Required work: Copy each line of the entries beneath that contains the word "DIRECTION".

# # # # # # #

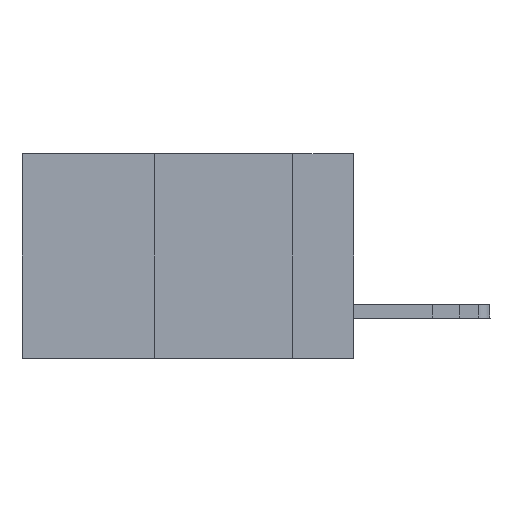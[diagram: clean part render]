
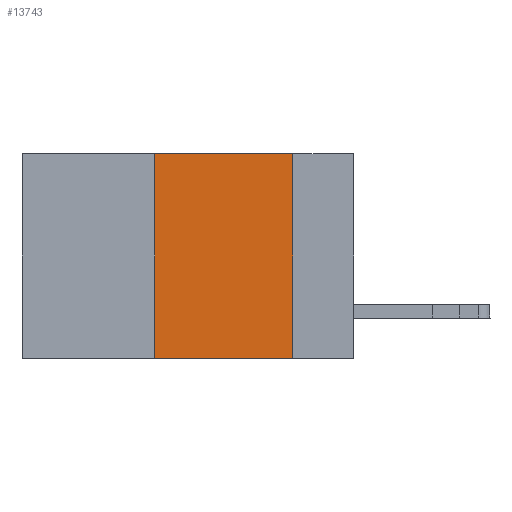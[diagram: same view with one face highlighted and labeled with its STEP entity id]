
A CAD part, left-side view. The second image highlights one B-rep face of the part: STEP entity #13743.
In plain terms, the highlighted planar face has unit normal (-1, 0, 0).
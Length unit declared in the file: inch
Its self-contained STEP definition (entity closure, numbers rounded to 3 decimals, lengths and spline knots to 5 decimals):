
#169 = VECTOR ( 'NONE', #26982, 39.37008 ) ;
#2085 = CARTESIAN_POINT ( 'NONE',  ( 0., 0.11, 0. ) ) ;
#3419 = EDGE_CURVE ( 'NONE', #5745, #25791, #14508, .T. ) ;
#4993 = CARTESIAN_POINT ( 'NONE',  ( 0., 0.36, 0. ) ) ;
#5282 = VERTEX_POINT ( 'NONE', #4993 ) ;
#5745 = VERTEX_POINT ( 'NONE', #28301 ) ;
#7887 = CARTESIAN_POINT ( 'NONE',  ( 0., 0.36, -0.37 ) ) ;
#8138 = VECTOR ( 'NONE', #14672, 39.37008 ) ;
#8515 = LINE ( 'NONE', #15016, #8138 ) ;
#8796 = EDGE_CURVE ( 'NONE', #5282, #5745, #29839, .T. ) ;
#9761 = PLANE ( 'NONE',  #32573 ) ;
#9998 = DIRECTION ( 'NONE',  ( 1., 0., 0. ) ) ;
#10562 = ORIENTED_EDGE ( 'NONE', *, *, #24574, .F. ) ;
#11050 = DIRECTION ( 'NONE',  ( 0., 0., 1. ) ) ;
#11321 = LINE ( 'NONE', #13595, #12166 ) ;
#12166 = VECTOR ( 'NONE', #11050, 39.37008 ) ;
#13595 = CARTESIAN_POINT ( 'NONE',  ( 0., 0.36, 0. ) ) ;
#13743 = ADVANCED_FACE ( 'NONE', ( #29323 ), #9761, .F. ) ;
#14508 = LINE ( 'NONE', #2085, #18621 ) ;
#14672 = DIRECTION ( 'NONE',  ( 0., -1., 0. ) ) ;
#15016 = CARTESIAN_POINT ( 'NONE',  ( 0., 0.6, -0.37 ) ) ;
#18621 = VECTOR ( 'NONE', #23171, 39.37008 ) ;
#20330 = ORIENTED_EDGE ( 'NONE', *, *, #8796, .F. ) ;
#20424 = CARTESIAN_POINT ( 'NONE',  ( 0., 0.11, -0.37 ) ) ;
#21924 = CARTESIAN_POINT ( 'NONE',  ( 0., 0.6, 0. ) ) ;
#22818 = VERTEX_POINT ( 'NONE', #7887 ) ;
#23171 = DIRECTION ( 'NONE',  ( 0., 0., -1. ) ) ;
#23985 = EDGE_CURVE ( 'NONE', #22818, #25791, #8515, .T. ) ;
#24574 = EDGE_CURVE ( 'NONE', #22818, #5282, #11321, .T. ) ;
#25647 = DIRECTION ( 'NONE',  ( 0., 0., -1. ) ) ;
#25785 = CARTESIAN_POINT ( 'NONE',  ( 0., 0.6, 0. ) ) ;
#25791 = VERTEX_POINT ( 'NONE', #20424 ) ;
#26491 = ORIENTED_EDGE ( 'NONE', *, *, #3419, .F. ) ;
#26982 = DIRECTION ( 'NONE',  ( 0., -1., 0. ) ) ;
#28301 = CARTESIAN_POINT ( 'NONE',  ( 0., 0.11, 0. ) ) ;
#29030 = ORIENTED_EDGE ( 'NONE', *, *, #23985, .T. ) ;
#29047 = EDGE_LOOP ( 'NONE', ( #26491, #20330, #10562, #29030 ) ) ;
#29323 = FACE_OUTER_BOUND ( 'NONE', #29047, .T. ) ;
#29839 = LINE ( 'NONE', #21924, #169 ) ;
#32573 = AXIS2_PLACEMENT_3D ( 'NONE', #25785, #9998, #25647 ) ;
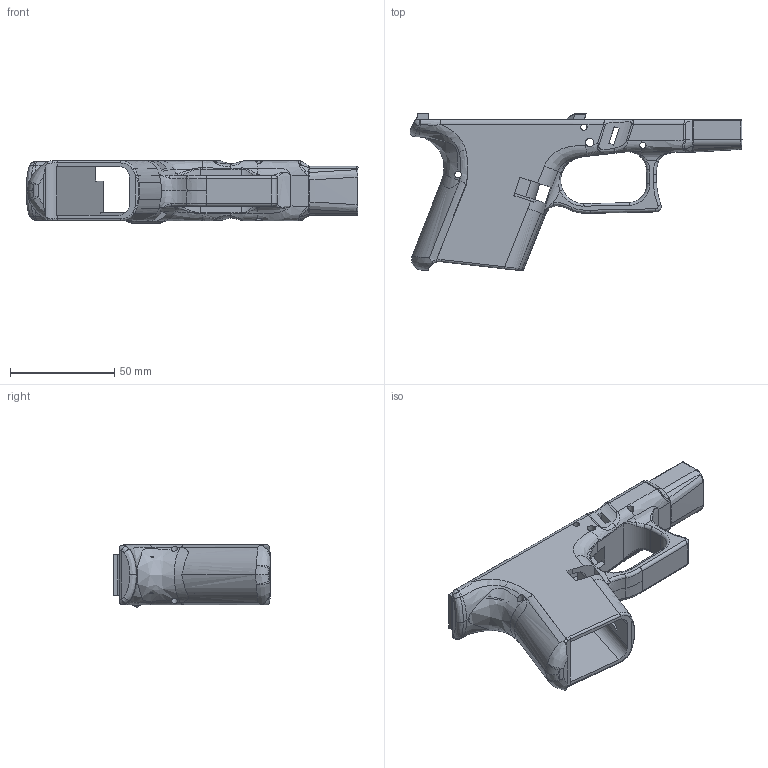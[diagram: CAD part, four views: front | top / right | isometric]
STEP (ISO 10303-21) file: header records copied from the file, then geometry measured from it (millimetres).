
FILE_DESCRIPTION(/* description */ (''),/* implementation_level */ '2;1');
FILE_NAME(/* name */ 'FMDA G26.2 V1.17 G5Spring Frame.stp',/* time_stamp */ '2021-05-04T15:33:32-05:00',/* author */ ('johne'),/* organization */ (''),/* preprocessor_version */ 'ST-DEVELOPER v18',/* originating_system */ 'Autodesk Inventor 2020',/* authorisation */ '');
FILE_SCHEMA (('AUTOMOTIVE_DESIGN { 1 0 10303 214 3 1 1 }'));
Products named in the file (1): FMDA G26.2 V1.16 G5Spring Frame
Bounding box: 159.33 x 75.32 x 29.84 mm (x, y, z)
Volume: 64006.1 mm3; surface area: 35679.3 mm2
Topology: 1 solids, 3 shells, 494 faces, 1483 edges, 967 vertices
Faces by surface type: bspline 198, plane 145, cylinder 105, torus 27, sphere 10, cone 9
Full cylindrical faces by diameter (mm): 2 x1, 3 x4, 3.2 x2, 3.81 x1, 4 x2
Entity records: 42297 total; most frequent: CARTESIAN_POINT 29752, ORIENTED_EDGE 2936, DIRECTION 2050, EDGE_CURVE 1468, VERTEX_POINT 959, AXIS2_PLACEMENT_3D 758, LINE 534, VECTOR 534

# # # # # # #

Written reply:
#9998 = DIRECTION ( 'NONE',  ( 1., 0., 0. ) ) ;
#11050 = DIRECTION ( 'NONE',  ( 0., 0., 1. ) ) ;
#14672 = DIRECTION ( 'NONE',  ( 0., -1., 0. ) ) ;
#23171 = DIRECTION ( 'NONE',  ( 0., 0., -1. ) ) ;
#25647 = DIRECTION ( 'NONE',  ( 0., 0., -1. ) ) ;
#26982 = DIRECTION ( 'NONE',  ( 0., -1., 0. ) ) ;
Entity records: 42297 total; most frequent: CARTESIAN_POINT 29752, ORIENTED_EDGE 2936, DIRECTION 2050, EDGE_CURVE 1468, VERTEX_POINT 959, AXIS2_PLACEMENT_3D 758, LINE 534, VECTOR 534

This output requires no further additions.